Cable news channels fill me with dread. From the latest broadcasts, it’s become clear that the world is a dangerous and squirmy place.
Let’s begin with bed bugs. They have infiltrated the New York metropolitan area where I live. These 6-legged vampires have taken up residence in airlines, businesses, movie theaters, schools, apartment buildings and private homes. Apparently, they love to travel and often come home in people’s suitcases. Historically, they have feasted on American blood since the 1700s when they journeyed over here from Europe aboard the wooden sailing vessels carrying our Founding Fathers. They are difficult to get rid of, but you can detect them with the help of a specially trained dog named Roscoe.
Meanwhile in Florida, there is a growing infestation of African rats that are the size of 6- to 9-pound cats. They come out at night and are not afraid of people. If you look outside your Floridian home when it is dark, see many pairs of tiny glowing eyes and hear some high-pitched snickering, you may have these super-sized rats in your neighborhood. They are no relation to the large mouse in Orlando. Called Gambian pouch rats, these critters have not yet made it up this way, but their smaller cousins have. I once saw two rats in love strolling lazily along the rails of the subway in New York City.

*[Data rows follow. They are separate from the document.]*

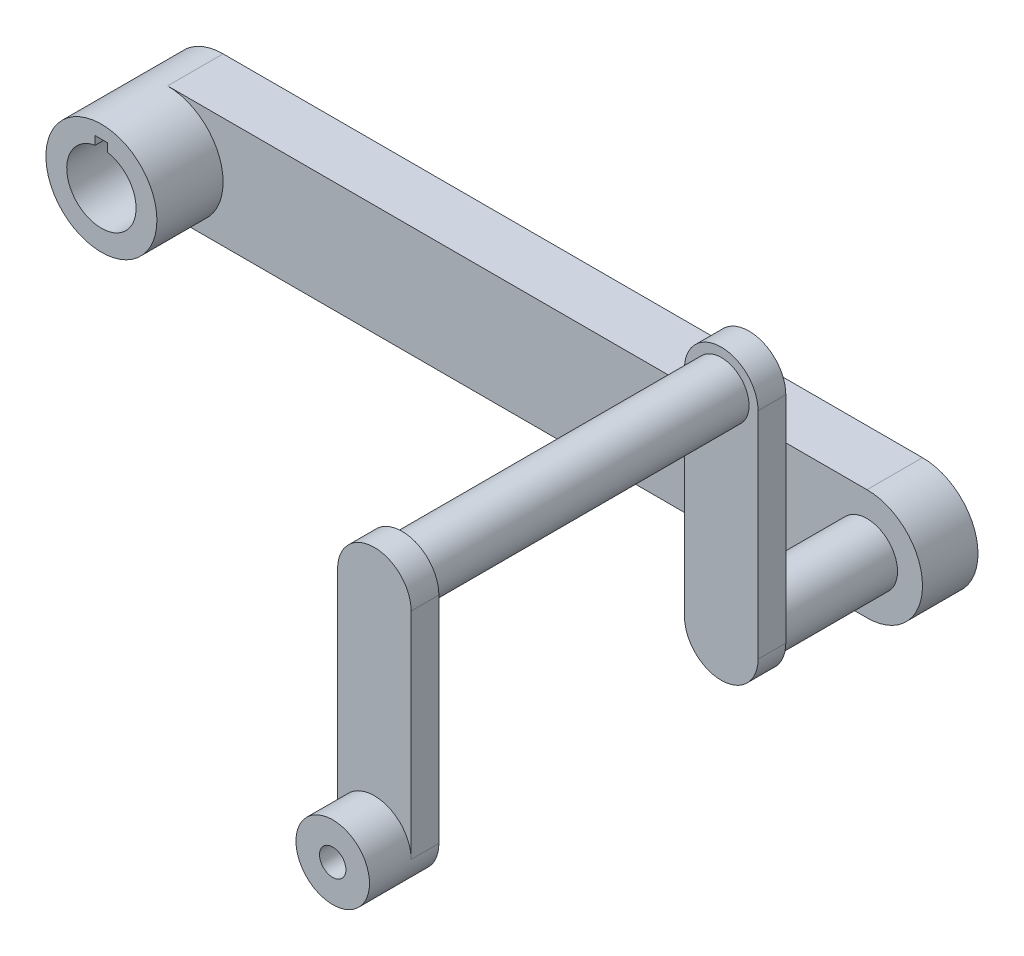
SolidWorks part; units mm, degrees
ref_plane "Alzado" through (0, 0, 0) normal (0, 0, 1) x (1, 0, 0)
ref_plane "Planta" through (0, 0, 0) normal (0, 1, 0) x (1, 0, 0)
ref_plane "Vista lateral" through (0, 0, 0) normal (1, 0, 0) x (0, 0, -1)
sketch "Croquis1" plane through (0, 0, 0) normal (0, 0, 1) x (1, 0, 0)
  line L0 (0, 0) -> (50.4, 0) construction
  line L1 (0, 4) -> (50.4, 4)
  line L2 (0, -4) -> (50.4, -4)
  line L3 (0, 0) -> (0, 2.5) construction
  line L10 (-0.45, 2.4592) -> (-0.45, 3.0592)
  line L11 (-0.45, 3.0592) -> (0.45, 3.0592)
  line L12 (0.45, 2.4592) -> (0.45, 3.0592)
  arc A0 (-0.45, 2.4592) -> (0.45, 2.4592) centre (0, 0) ccw
  arc A1 (0, 4) -> (0, -4) centre (0, 0) ccw
  arc A2 (50.4, -4) -> (50.4, 4) centre (50.4, 0) ccw
  dimension "D2" = 5
  dimension "D3" = 0.9
  dimension "8" = 8
  dimension "D4" = 8
  dimension "D1" = 50.4
  dimension "D5" = 0.45
  dimension "D6" = 0.6
extrude "Saliente-Extruir1" add sketch "Croquis1" against normal blind 4
sketch "Croquis2" plane through (0, 0, 0) normal (0, 0, 1) x (1, 0, 0)
  line L0 (-0.45, 3.0592) -> (-0.45, 2.4592)
  line L1 (0.45, 2.4592) -> (0.45, 3.0592)
  line L2 (0.45, 3.0592) -> (-0.45, 3.0592)
  circle A0 centre (0, 0) radius 4
  arc A1 (-0.45, 2.4592) -> (0.45, 2.4592) centre (0, 0) ccw
extrude "Saliente-Extruir2" add sketch "Croquis2" along normal blind 4.77
sketch "Croquis3" plane through (0, 0, 0) normal (0, 0, 1) x (1, 0, 0)
  circle A0 centre (50.4, 0) radius 2.2
  dimension "D1" = 4.4
extrude "Saliente-Extruir3" add sketch "Croquis3" along normal blind 8.5
sketch "Croquis4" plane through (0, 0, 8.5) normal (0, 0, 1) x (1, 0, 0)
  line L0 (50.4, 0) -> (50.4, 15.5) construction
  line L1 (47.75, 15.5) -> (47.75, 0)
  line L2 (53.05, 15.5) -> (53.05, 0)
  arc A0 (47.75, 0) -> (53.05, 0) centre (50.4, 0) ccw
  arc A1 (53.05, 15.5) -> (47.75, 15.5) centre (50.4, 15.5) ccw
  dimension "D2" = 5.3
  dimension "D1" = 15.5
extrude "Saliente-Extruir4" add sketch "Croquis4" along normal blind 2
sketch "Croquis5" plane through (0, 0, 10.5) normal (0, 0, 1) x (1, 0, 0)
  circle A0 centre (50.4, 15.5) radius 2
extrude "Saliente-Extruir5" add sketch "Croquis5" along normal blind 23
sketch "Croquis6" plane through (0, 0, 33.5) normal (0, 0, 1) x (1, 0, 0)
  line L0 (47.75, 15.5) -> (47.75, 0)
  line L1 (53.05, 15.5) -> (53.05, 0)
  arc A0 (53.05, 15.5) -> (47.75, 15.5) centre (50.4, 15.5) ccw
  circle A1 centre (50.4, 0) radius 0.95
  arc A2 (47.75, 0) -> (53.05, 0) centre (50.4, 0) ccw
  dimension "D1" = 1.9
  dimension "D2" = 5.3
  dimension "D3" = 5.3
extrude "Saliente-Extruir6" add sketch "Croquis6" along normal blind 2
sketch "Croquis7" plane through (0, 0, 35.5) normal (0, 0, 1) x (1, 0, 0)
  circle A0 centre (50.4, 0) radius 0.95
  circle A1 centre (50.4, 0) radius 2.65
  dimension "D1" = 1.9
extrude "Saliente-Extruir7" add sketch "Croquis7" along normal blind 3
sketch "Croquis8" plane through (0, 0, 33.5) normal (0, 0, -1) x (-1, 0, 0)
  circle A0 centre (-50.4, 0) radius 1.25
  dimension "D1" = 2.5
extrude "Cortar-Extruir1" cut sketch "Croquis8" against normal blind 0.5
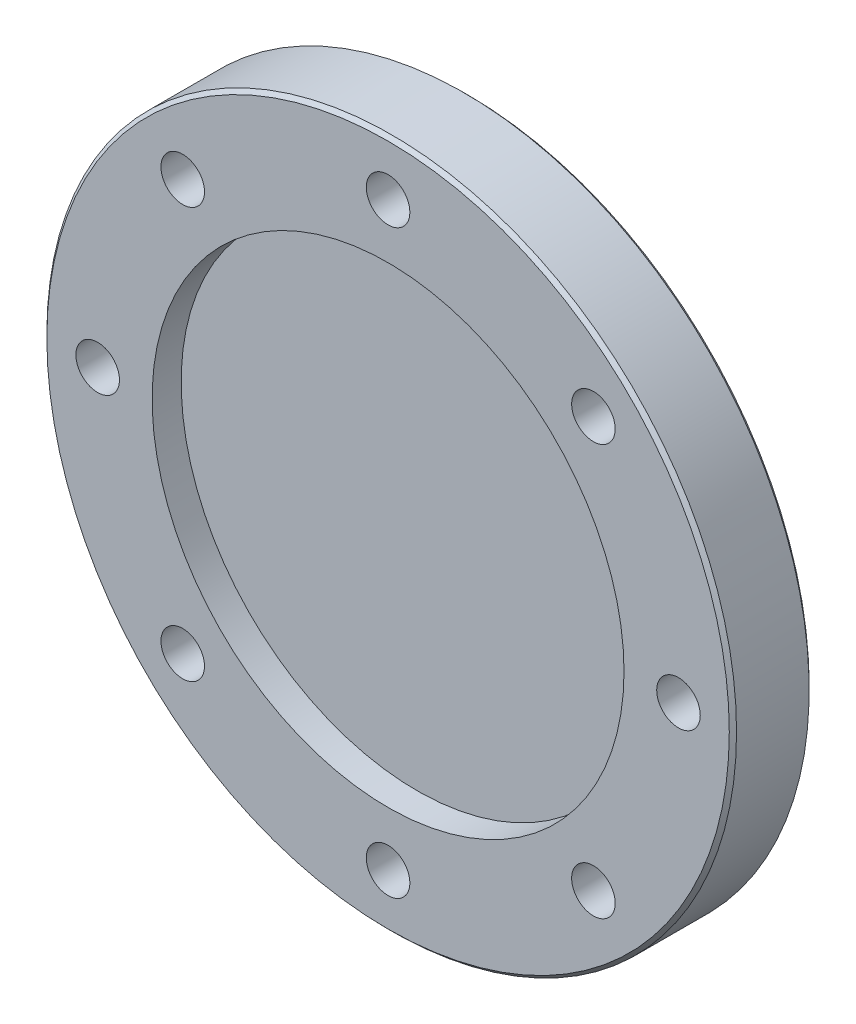
SolidWorks part; units mm, degrees
ref_plane "前视基准面" through (0, 0, 0) normal (0, 0, 1) x (1, 0, 0)
ref_plane "上视基准面" through (0, 0, 0) normal (0, 1, 0) x (1, 0, 0)
ref_plane "右视基准面" through (0, 0, 0) normal (1, 0, 0) x (0, 0, -1)
other "Configuration Table"
sketch "草图1" plane through (0, 0, 0) normal (1, 0, 0) x (0, 0, -1)
  line L0 (0, 0) -> (0, 47.5)
  line L1 (0, 47.5) -> (11, 47.5)
  line L2 (11, 47.5) -> (11, 19)
  line L3 (11, 19) -> (12, 19)
  line L4 (12, 19) -> (12, 15)
  line L5 (12, 15) -> (31, 15)
  line L6 (31, 15) -> (31, 0)
  line L7 (31, 0) -> (0, 0)
  line L8 (0, 0) -> (-18.7863, 0) construction
  dimension "D1" = 95
  dimension "D2" = 38
  dimension "D3" = 30
  dimension "D4" = 11
  dimension "D5" = 12
  dimension "D6" = 31
revolve "旋转1" add sketch "草图1" angle 360 about L8
sketch "草图3" plane through (0, 0, 0) normal (0, 0, 1) x (1, 0, 0)
  circle A0 centre (0, 0) radius 32.5
  dimension "D1" = 65
extrude "切除-拉伸1" cut sketch "草图3" against normal blind 4
hole_wizard "大小mm 暗销孔1" positions "草图4" profile "草图5" hole size "Ø8.0" standard "GB"
sketch "草图4" plane through (0, 0, -31) normal (0, 0, -1) x (-1, 0, 0)
  point P0 (0, 0)
sketch "草图5" plane through (0, 0, -31) normal (1, 0, 0) x (0, 1, 0)
  line L0 (0, 0) -> (0, 17.4034)
  line L1 (0, 17.4034) -> (4, 15)
  line L2 (4, 15) -> (4, 0)
  line L5 (4, 0) -> (0, 0)
  line L10 (0, 17.4034) -> (-4, 15) construction
  line L11 (0, -6.35) -> (0, 107.95) construction
  dimension "孔直径" = 8
  dimension "孔深度" = 15
  dimension "导头角度" = 118
sketch "草图6" plane through (0, 0, -11) normal (0, 0, -1) x (-1, 0, 0)
  circle A0 centre (0, 0) radius 40 construction
  circle A1 centre (0, 40) radius 3
  circle A2 centre (28.2843, 28.2843) radius 3
  circle A3 centre (40, 0) radius 3
  circle A4 centre (28.2843, -28.2843) radius 3
  circle A5 centre (0, -40) radius 3
  circle A6 centre (-28.2843, -28.2843) radius 3
  circle A7 centre (-40, 0) radius 3
  circle A8 centre (-28.2843, 28.2843) radius 3
  point P5 (0, 0)
  point P6 (40, 0)
  point P22 (0, 0)
  dimension "D1" = 80
  dimension "D2" = 6
  dimension "D3" = 8
extrude "切除-拉伸2" cut sketch "草图6" against normal up to next
chamfer "倒角1" distance 0.5 angle 45 4 edges at (-4, 0, -31) (-15, 0, -31) (-47.5, 0, -11) (-47.5, 0, 0)

After stressing over these little beasts, you may feel like you need a vacation. Say hello to Norovirus, otherwise known as the stomach flu. Because it is a virus, this microbe is completely immune to antibiotics. You can catch it directly from infected people or the surfaces they touch as well as through food contaminated by an infected food handler.It won’t kill you, but it can make you wish it had, with gastrointestinal symptoms ranging from nausea and vomiting to problems at the opposite end. It is highly contagious and loves to take cruises. (Don’t we all?) Its favorite place to lurk is public restrooms so holding it in until you can get to your cabin could be considered a mediocre strategy for avoiding it.
In short: The world is an icky place, but you can take precautions to reduce your risk of encountering these pint-sized predators. Just stay clear of hospitals, military bases, workplaces, schools, public transportation, theaters, gyms, apartment complexes and private homes. Safe places to be might include a raft out at sea, the top of the Himalayan Mountains or the Antarctic in winter.
Perhaps the best strategy of all is to avoid watching cable news channels.